> _Dataset excerpts_:
*****
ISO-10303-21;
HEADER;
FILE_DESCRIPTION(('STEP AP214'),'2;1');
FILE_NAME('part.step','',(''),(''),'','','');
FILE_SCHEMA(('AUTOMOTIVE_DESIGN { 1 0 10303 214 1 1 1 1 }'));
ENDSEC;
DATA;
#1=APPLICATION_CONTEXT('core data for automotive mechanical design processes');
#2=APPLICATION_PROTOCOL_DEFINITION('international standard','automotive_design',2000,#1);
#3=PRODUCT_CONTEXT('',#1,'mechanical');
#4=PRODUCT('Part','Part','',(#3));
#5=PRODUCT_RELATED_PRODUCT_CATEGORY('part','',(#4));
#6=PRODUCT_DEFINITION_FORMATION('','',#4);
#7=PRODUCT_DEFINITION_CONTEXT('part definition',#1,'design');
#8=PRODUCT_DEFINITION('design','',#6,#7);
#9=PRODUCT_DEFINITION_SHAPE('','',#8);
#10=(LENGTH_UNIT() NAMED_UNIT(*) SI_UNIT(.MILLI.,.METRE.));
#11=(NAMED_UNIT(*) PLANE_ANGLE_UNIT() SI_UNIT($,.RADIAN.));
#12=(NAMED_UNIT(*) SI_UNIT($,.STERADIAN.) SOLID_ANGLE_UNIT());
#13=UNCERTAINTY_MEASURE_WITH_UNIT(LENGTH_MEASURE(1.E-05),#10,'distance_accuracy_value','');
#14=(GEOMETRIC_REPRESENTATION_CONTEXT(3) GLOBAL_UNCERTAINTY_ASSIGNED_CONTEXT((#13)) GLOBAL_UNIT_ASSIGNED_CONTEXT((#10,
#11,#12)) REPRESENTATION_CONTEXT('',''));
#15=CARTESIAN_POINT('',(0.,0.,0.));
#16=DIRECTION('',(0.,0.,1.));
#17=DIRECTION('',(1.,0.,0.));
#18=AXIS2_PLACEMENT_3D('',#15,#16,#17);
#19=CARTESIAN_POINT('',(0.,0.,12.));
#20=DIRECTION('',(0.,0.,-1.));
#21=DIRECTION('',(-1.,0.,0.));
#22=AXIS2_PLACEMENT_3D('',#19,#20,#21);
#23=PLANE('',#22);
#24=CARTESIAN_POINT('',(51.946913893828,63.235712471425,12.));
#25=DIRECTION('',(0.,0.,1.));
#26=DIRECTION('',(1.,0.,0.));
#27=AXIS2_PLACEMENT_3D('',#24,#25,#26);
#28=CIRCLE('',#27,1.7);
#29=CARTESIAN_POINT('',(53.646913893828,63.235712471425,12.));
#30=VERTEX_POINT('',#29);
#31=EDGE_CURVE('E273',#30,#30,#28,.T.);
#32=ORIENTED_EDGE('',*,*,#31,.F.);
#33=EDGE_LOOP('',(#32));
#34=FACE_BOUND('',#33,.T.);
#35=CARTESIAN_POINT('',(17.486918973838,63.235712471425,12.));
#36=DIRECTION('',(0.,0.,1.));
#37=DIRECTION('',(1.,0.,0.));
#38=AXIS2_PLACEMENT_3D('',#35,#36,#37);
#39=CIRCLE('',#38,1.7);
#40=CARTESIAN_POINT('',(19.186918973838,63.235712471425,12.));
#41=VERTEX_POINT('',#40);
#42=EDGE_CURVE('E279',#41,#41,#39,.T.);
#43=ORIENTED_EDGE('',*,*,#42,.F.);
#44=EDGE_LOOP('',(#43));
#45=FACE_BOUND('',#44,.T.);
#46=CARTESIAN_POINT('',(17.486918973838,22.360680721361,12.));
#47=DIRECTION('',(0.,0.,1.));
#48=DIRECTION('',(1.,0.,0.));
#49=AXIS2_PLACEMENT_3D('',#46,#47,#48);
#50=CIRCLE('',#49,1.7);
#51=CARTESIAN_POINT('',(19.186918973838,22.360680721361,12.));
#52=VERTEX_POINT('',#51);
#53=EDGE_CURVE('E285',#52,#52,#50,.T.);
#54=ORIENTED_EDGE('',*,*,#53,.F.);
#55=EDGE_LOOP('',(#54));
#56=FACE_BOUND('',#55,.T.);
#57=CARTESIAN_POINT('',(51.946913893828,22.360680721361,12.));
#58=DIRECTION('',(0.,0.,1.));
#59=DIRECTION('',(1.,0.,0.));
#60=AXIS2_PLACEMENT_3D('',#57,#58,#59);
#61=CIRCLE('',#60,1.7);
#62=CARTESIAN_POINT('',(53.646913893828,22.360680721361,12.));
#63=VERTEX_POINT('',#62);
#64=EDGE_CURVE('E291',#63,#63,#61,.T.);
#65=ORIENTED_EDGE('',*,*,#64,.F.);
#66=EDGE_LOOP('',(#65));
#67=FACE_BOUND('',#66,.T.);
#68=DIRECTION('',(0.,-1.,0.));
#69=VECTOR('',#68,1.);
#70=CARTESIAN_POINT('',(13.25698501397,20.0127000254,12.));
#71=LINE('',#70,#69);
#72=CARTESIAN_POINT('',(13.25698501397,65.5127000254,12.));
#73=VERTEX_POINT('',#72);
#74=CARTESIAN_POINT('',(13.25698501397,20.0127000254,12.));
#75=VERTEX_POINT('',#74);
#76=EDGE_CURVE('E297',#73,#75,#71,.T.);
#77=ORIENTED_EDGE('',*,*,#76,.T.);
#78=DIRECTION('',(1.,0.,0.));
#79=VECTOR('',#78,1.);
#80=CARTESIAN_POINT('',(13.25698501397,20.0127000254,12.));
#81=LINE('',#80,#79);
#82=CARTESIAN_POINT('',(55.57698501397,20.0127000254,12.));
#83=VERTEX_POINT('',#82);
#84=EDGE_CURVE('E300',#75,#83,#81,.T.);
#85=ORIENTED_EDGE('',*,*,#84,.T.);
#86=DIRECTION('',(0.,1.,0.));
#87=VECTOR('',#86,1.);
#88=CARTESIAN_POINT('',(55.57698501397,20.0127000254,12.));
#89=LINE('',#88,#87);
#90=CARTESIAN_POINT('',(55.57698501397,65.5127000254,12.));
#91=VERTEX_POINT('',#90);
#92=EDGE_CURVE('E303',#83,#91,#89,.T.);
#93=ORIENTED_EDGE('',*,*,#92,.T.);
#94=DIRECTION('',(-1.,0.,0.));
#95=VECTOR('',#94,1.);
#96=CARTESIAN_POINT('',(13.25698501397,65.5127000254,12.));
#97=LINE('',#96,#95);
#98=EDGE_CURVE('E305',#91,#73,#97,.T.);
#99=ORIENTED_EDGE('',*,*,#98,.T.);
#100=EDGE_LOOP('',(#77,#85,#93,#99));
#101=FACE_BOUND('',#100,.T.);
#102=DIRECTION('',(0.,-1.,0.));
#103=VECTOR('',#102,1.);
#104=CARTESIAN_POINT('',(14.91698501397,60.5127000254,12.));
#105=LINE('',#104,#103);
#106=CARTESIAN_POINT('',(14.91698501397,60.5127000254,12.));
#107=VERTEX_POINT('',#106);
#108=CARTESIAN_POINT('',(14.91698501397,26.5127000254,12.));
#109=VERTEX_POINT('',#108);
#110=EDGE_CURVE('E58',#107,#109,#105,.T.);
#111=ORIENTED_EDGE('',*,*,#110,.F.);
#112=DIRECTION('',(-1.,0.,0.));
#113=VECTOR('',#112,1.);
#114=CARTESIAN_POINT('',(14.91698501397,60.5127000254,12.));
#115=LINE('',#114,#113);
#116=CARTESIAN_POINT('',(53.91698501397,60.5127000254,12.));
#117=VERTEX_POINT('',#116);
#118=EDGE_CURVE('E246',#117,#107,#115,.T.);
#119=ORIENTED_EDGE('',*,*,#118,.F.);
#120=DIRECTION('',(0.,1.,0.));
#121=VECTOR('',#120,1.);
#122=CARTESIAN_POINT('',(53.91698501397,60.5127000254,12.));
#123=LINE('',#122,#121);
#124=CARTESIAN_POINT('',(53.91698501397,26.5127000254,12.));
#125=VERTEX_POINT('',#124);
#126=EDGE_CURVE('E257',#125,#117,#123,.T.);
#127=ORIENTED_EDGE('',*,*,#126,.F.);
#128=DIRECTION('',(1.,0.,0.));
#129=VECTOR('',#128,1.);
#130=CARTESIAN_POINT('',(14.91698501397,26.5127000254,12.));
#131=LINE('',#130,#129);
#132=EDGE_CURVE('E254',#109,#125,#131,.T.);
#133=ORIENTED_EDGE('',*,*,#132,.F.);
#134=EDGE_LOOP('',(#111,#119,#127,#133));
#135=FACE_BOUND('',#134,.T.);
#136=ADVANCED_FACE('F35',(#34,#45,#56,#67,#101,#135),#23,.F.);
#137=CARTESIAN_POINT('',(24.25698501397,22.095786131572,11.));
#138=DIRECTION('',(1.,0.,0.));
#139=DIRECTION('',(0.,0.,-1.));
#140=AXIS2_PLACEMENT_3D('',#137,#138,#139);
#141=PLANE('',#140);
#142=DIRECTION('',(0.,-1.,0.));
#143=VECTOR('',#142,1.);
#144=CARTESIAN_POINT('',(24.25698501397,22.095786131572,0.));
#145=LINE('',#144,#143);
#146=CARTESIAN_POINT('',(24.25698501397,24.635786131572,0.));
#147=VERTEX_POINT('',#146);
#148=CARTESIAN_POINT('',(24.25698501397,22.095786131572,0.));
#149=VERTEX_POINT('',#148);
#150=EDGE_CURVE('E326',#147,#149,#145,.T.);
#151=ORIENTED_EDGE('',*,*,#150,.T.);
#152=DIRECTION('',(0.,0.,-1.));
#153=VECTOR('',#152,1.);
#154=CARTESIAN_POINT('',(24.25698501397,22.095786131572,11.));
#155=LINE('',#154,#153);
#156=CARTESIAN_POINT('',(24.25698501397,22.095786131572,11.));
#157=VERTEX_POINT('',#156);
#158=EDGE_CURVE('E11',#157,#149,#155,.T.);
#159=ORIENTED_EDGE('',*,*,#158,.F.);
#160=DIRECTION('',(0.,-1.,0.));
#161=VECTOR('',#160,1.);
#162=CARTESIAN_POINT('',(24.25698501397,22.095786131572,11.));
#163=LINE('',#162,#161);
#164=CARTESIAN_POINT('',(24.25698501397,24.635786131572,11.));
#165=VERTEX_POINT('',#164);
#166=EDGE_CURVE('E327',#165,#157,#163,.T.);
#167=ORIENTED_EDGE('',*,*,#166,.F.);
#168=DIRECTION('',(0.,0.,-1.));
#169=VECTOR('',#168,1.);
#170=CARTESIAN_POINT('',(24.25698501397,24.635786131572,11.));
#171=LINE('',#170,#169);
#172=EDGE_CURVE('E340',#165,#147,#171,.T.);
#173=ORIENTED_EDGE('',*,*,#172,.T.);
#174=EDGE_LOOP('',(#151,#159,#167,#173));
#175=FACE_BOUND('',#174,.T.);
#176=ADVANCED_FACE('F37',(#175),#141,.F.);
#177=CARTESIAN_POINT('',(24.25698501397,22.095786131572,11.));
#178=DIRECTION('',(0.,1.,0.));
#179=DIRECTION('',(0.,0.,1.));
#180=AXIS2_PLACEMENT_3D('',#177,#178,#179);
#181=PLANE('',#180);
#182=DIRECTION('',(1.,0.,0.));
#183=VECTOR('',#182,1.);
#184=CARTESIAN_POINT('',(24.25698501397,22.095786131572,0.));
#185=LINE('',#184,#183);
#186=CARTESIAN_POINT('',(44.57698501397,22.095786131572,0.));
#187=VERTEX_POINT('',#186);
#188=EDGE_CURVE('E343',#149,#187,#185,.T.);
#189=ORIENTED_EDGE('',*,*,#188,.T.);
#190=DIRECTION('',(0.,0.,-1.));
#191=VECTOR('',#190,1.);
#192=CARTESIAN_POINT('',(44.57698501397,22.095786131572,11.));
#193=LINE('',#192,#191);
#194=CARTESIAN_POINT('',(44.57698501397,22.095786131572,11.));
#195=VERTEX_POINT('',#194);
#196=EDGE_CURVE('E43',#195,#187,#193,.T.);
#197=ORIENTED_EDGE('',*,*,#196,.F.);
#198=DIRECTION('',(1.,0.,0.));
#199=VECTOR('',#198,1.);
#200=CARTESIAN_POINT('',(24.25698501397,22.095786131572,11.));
*****
Only the lines from the one containing "#196=EDGE_CURVE('E43',#195,#187,#193,.T.);" through the last line of the records belong in the answer, each written out exactly.

#196=EDGE_CURVE('E43',#195,#187,#193,.T.);
#197=ORIENTED_EDGE('',*,*,#196,.F.);
#198=DIRECTION('',(1.,0.,0.));
#199=VECTOR('',#198,1.);
#200=CARTESIAN_POINT('',(24.25698501397,22.095786131572,11.));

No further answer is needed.